*EXERCISE*
Give back exactly the lines of the entries below from the line with "#67=LINE('',#66,#65);" to the line with "#86=ORIENTED_EDGE('',*,*,#40,.T.);", inclusive, and only those.

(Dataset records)
________________

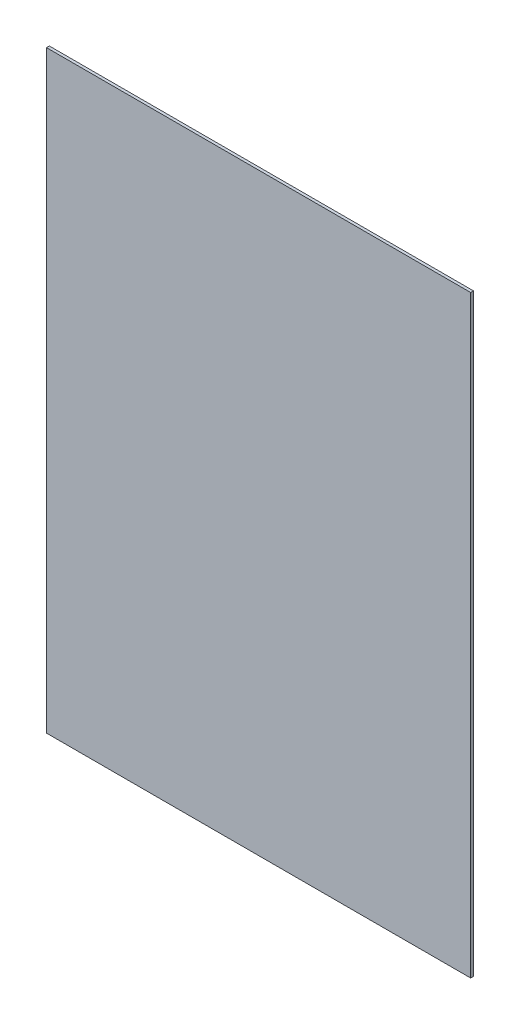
ISO-10303-21;
HEADER;
FILE_DESCRIPTION(('STEP AP214'),'2;1');
FILE_NAME('part.step','',(''),(''),'','','');
FILE_SCHEMA(('AUTOMOTIVE_DESIGN { 1 0 10303 214 1 1 1 1 }'));
ENDSEC;
DATA;
#1=APPLICATION_CONTEXT('core data for automotive mechanical design processes');
#2=APPLICATION_PROTOCOL_DEFINITION('international standard','automotive_design',2000,#1);
#3=PRODUCT_CONTEXT('',#1,'mechanical');
#4=PRODUCT('Part','Part','',(#3));
#5=PRODUCT_RELATED_PRODUCT_CATEGORY('part','',(#4));
#6=PRODUCT_DEFINITION_FORMATION('','',#4);
#7=PRODUCT_DEFINITION_CONTEXT('part definition',#1,'design');
#8=PRODUCT_DEFINITION('design','',#6,#7);
#9=PRODUCT_DEFINITION_SHAPE('','',#8);
#10=(LENGTH_UNIT() NAMED_UNIT(*) SI_UNIT(.MILLI.,.METRE.));
#11=(NAMED_UNIT(*) PLANE_ANGLE_UNIT() SI_UNIT($,.RADIAN.));
#12=(NAMED_UNIT(*) SI_UNIT($,.STERADIAN.) SOLID_ANGLE_UNIT());
#13=UNCERTAINTY_MEASURE_WITH_UNIT(LENGTH_MEASURE(1.E-05),#10,'distance_accuracy_value','');
#14=(GEOMETRIC_REPRESENTATION_CONTEXT(3) GLOBAL_UNCERTAINTY_ASSIGNED_CONTEXT((#13)) GLOBAL_UNIT_ASSIGNED_CONTEXT((#10,
#11,#12)) REPRESENTATION_CONTEXT('',''));
#15=CARTESIAN_POINT('',(0.,0.,0.));
#16=DIRECTION('',(0.,0.,1.));
#17=DIRECTION('',(1.,0.,0.));
#18=AXIS2_PLACEMENT_3D('',#15,#16,#17);
#19=CARTESIAN_POINT('',(0.,0.,2.));
#20=DIRECTION('',(1.,0.,0.));
#21=DIRECTION('',(0.,0.,-1.));
#22=AXIS2_PLACEMENT_3D('',#19,#20,#21);
#23=PLANE('',#22);
#24=DIRECTION('',(0.,-1.,0.));
#25=VECTOR('',#24,1.);
#26=CARTESIAN_POINT('',(0.,0.,0.));
#27=LINE('',#26,#25);
#28=CARTESIAN_POINT('',(0.,420.,0.));
#29=VERTEX_POINT('',#28);
#30=CARTESIAN_POINT('',(0.,0.,0.));
#31=VERTEX_POINT('',#30);
#32=EDGE_CURVE('E96',#29,#31,#27,.T.);
#33=ORIENTED_EDGE('',*,*,#32,.T.);
#34=DIRECTION('',(0.,0.,-1.));
#35=VECTOR('',#34,1.);
#36=CARTESIAN_POINT('',(0.,0.,2.));
#37=LINE('',#36,#35);
#38=CARTESIAN_POINT('',(0.,0.,2.));
#39=VERTEX_POINT('',#38);
#40=EDGE_CURVE('E11',#39,#31,#37,.T.);
#41=ORIENTED_EDGE('',*,*,#40,.F.);
#42=DIRECTION('',(0.,-1.,0.));
#43=VECTOR('',#42,1.);
#44=CARTESIAN_POINT('',(0.,0.,2.));
#45=LINE('',#44,#43);
#46=CARTESIAN_POINT('',(0.,420.,2.));
#47=VERTEX_POINT('',#46);
#48=EDGE_CURVE('E84',#47,#39,#45,.T.);
#49=ORIENTED_EDGE('',*,*,#48,.F.);
#50=DIRECTION('',(0.,0.,-1.));
#51=VECTOR('',#50,1.);
#52=CARTESIAN_POINT('',(0.,420.,2.));
#53=LINE('',#52,#51);
#54=EDGE_CURVE('E92',#47,#29,#53,.T.);
#55=ORIENTED_EDGE('',*,*,#54,.T.);
#56=EDGE_LOOP('',(#33,#41,#49,#55));
#57=FACE_BOUND('',#56,.T.);
#58=ADVANCED_FACE('F33',(#57),#23,.F.);
#59=CARTESIAN_POINT('',(0.,0.,2.));
#60=DIRECTION('',(0.,1.,0.));
#61=DIRECTION('',(0.,0.,1.));
#62=AXIS2_PLACEMENT_3D('',#59,#60,#61);
#63=PLANE('',#62);
#64=DIRECTION('',(1.,0.,0.));
#65=VECTOR('',#64,1.);
#66=CARTESIAN_POINT('',(0.,0.,0.));
#67=LINE('',#66,#65);
#68=CARTESIAN_POINT('',(300.,0.,0.));
#69=VERTEX_POINT('',#68);
#70=EDGE_CURVE('E88',#31,#69,#67,.T.);
#71=ORIENTED_EDGE('',*,*,#70,.T.);
#72=DIRECTION('',(0.,0.,-1.));
#73=VECTOR('',#72,1.);
#74=CARTESIAN_POINT('',(300.,0.,2.));
#75=LINE('',#74,#73);
#76=CARTESIAN_POINT('',(300.,0.,2.));
#77=VERTEX_POINT('',#76);
#78=EDGE_CURVE('E41',#77,#69,#75,.T.);
#79=ORIENTED_EDGE('',*,*,#78,.F.);
#80=DIRECTION('',(1.,0.,0.));
#81=VECTOR('',#80,1.);
#82=CARTESIAN_POINT('',(0.,0.,2.));
#83=LINE('',#82,#81);
#84=EDGE_CURVE('E79',#39,#77,#83,.T.);
#85=ORIENTED_EDGE('',*,*,#84,.F.);
#86=ORIENTED_EDGE('',*,*,#40,.T.);
#87=EDGE_LOOP('',(#71,#79,#85,#86));
#88=FACE_BOUND('',#87,.T.);
#89=ADVANCED_FACE('F87',(#88),#63,.F.);
#90=CARTESIAN_POINT('',(300.,0.,2.));
#91=DIRECTION('',(-1.,0.,0.));
#92=DIRECTION('',(0.,0.,1.));
#93=AXIS2_PLACEMENT_3D('',#90,#91,#92);
#94=PLANE('',#93);
#95=DIRECTION('',(0.,1.,0.));
#96=VECTOR('',#95,1.);
#97=CARTESIAN_POINT('',(300.,0.,0.));
#98=LINE('',#97,#96);
#99=CARTESIAN_POINT('',(300.,420.,0.));
#100=VERTEX_POINT('',#99);
#101=EDGE_CURVE('E66',#69,#100,#98,.T.);
#102=ORIENTED_EDGE('',*,*,#101,.T.);
#103=DIRECTION('',(0.,0.,-1.));
#104=VECTOR('',#103,1.);
#105=CARTESIAN_POINT('',(300.,420.,2.));
#106=LINE('',#105,#104);
#107=CARTESIAN_POINT('',(300.,420.,2.));
#108=VERTEX_POINT('',#107);
#109=EDGE_CURVE('E89',#108,#100,#106,.T.);
#110=ORIENTED_EDGE('',*,*,#109,.F.);
#111=DIRECTION('',(0.,1.,0.));
#112=VECTOR('',#111,1.);
#113=CARTESIAN_POINT('',(300.,0.,2.));
#114=LINE('',#113,#112);
#115=EDGE_CURVE('E82',#77,#108,#114,.T.);
#116=ORIENTED_EDGE('',*,*,#115,.F.);
#117=ORIENTED_EDGE('',*,*,#78,.T.);
#118=EDGE_LOOP('',(#102,#110,#116,#117));
#119=FACE_BOUND('',#118,.T.);
#120=ADVANCED_FACE('F90',(#119),#94,.F.);
#121=CARTESIAN_POINT('',(0.,420.,2.));
#122=DIRECTION('',(0.,-1.,0.));
#123=DIRECTION('',(0.,0.,-1.));
#124=AXIS2_PLACEMENT_3D('',#121,#122,#123);
#125=PLANE('',#124);
#126=DIRECTION('',(-1.,0.,0.));
#127=VECTOR('',#126,1.);
#128=CARTESIAN_POINT('',(0.,420.,0.));
#129=LINE('',#128,#127);
#130=EDGE_CURVE('E72',#100,#29,#129,.T.);
#131=ORIENTED_EDGE('',*,*,#130,.T.);
#132=ORIENTED_EDGE('',*,*,#54,.F.);
#133=DIRECTION('',(-1.,0.,0.));
#134=VECTOR('',#133,1.);
#135=CARTESIAN_POINT('',(0.,420.,2.));
#136=LINE('',#135,#134);
#137=EDGE_CURVE('E49',#108,#47,#136,.T.);
#138=ORIENTED_EDGE('',*,*,#137,.F.);
#139=ORIENTED_EDGE('',*,*,#109,.T.);
#140=EDGE_LOOP('',(#131,#132,#138,#139));
#141=FACE_BOUND('',#140,.T.);
#142=ADVANCED_FACE('F103',(#141),#125,.F.);
#143=CARTESIAN_POINT('',(0.,0.,2.));
#144=DIRECTION('',(0.,0.,-1.));
#145=DIRECTION('',(-1.,0.,0.));
#146=AXIS2_PLACEMENT_3D('',#143,#144,#145);
#147=PLANE('',#146);
#148=ORIENTED_EDGE('',*,*,#48,.T.);
#149=ORIENTED_EDGE('',*,*,#84,.T.);
#150=ORIENTED_EDGE('',*,*,#115,.T.);
#151=ORIENTED_EDGE('',*,*,#137,.T.);
#152=EDGE_LOOP('',(#148,#149,#150,#151));
#153=FACE_BOUND('',#152,.T.);
#154=ADVANCED_FACE('F80',(#153),#147,.F.);
#155=CARTESIAN_POINT('',(0.,0.,0.));
#156=DIRECTION('',(0.,0.,-1.));
#157=DIRECTION('',(-1.,0.,0.));
#158=AXIS2_PLACEMENT_3D('',#155,#156,#157);
#159=PLANE('',#158);
#160=ORIENTED_EDGE('',*,*,#32,.F.);
#161=ORIENTED_EDGE('',*,*,#130,.F.);
#162=ORIENTED_EDGE('',*,*,#101,.F.);
#163=ORIENTED_EDGE('',*,*,#70,.F.);
#164=EDGE_LOOP('',(#160,#161,#162,#163));
#165=FACE_BOUND('',#164,.T.);
#166=ADVANCED_FACE('F106',(#165),#159,.T.);
#167=CLOSED_SHELL('',(#58,#89,#120,#142,#154,#166));
#168=MANIFOLD_SOLID_BREP('B2',#167);
#169=ADVANCED_BREP_SHAPE_REPRESENTATION('',(#18,#168),#14);
#170=SHAPE_DEFINITION_REPRESENTATION(#9,#169);
ENDSEC;
END-ISO-10303-21;

________________

*WORKED SOLUTION*
#67=LINE('',#66,#65);
#68=CARTESIAN_POINT('',(300.,0.,0.));
#69=VERTEX_POINT('',#68);
#70=EDGE_CURVE('E88',#31,#69,#67,.T.);
#71=ORIENTED_EDGE('',*,*,#70,.T.);
#72=DIRECTION('',(0.,0.,-1.));
#73=VECTOR('',#72,1.);
#74=CARTESIAN_POINT('',(300.,0.,2.));
#75=LINE('',#74,#73);
#76=CARTESIAN_POINT('',(300.,0.,2.));
#77=VERTEX_POINT('',#76);
#78=EDGE_CURVE('E41',#77,#69,#75,.T.);
#79=ORIENTED_EDGE('',*,*,#78,.F.);
#80=DIRECTION('',(1.,0.,0.));
#81=VECTOR('',#80,1.);
#82=CARTESIAN_POINT('',(0.,0.,2.));
#83=LINE('',#82,#81);
#84=EDGE_CURVE('E79',#39,#77,#83,.T.);
#85=ORIENTED_EDGE('',*,*,#84,.F.);
#86=ORIENTED_EDGE('',*,*,#40,.T.);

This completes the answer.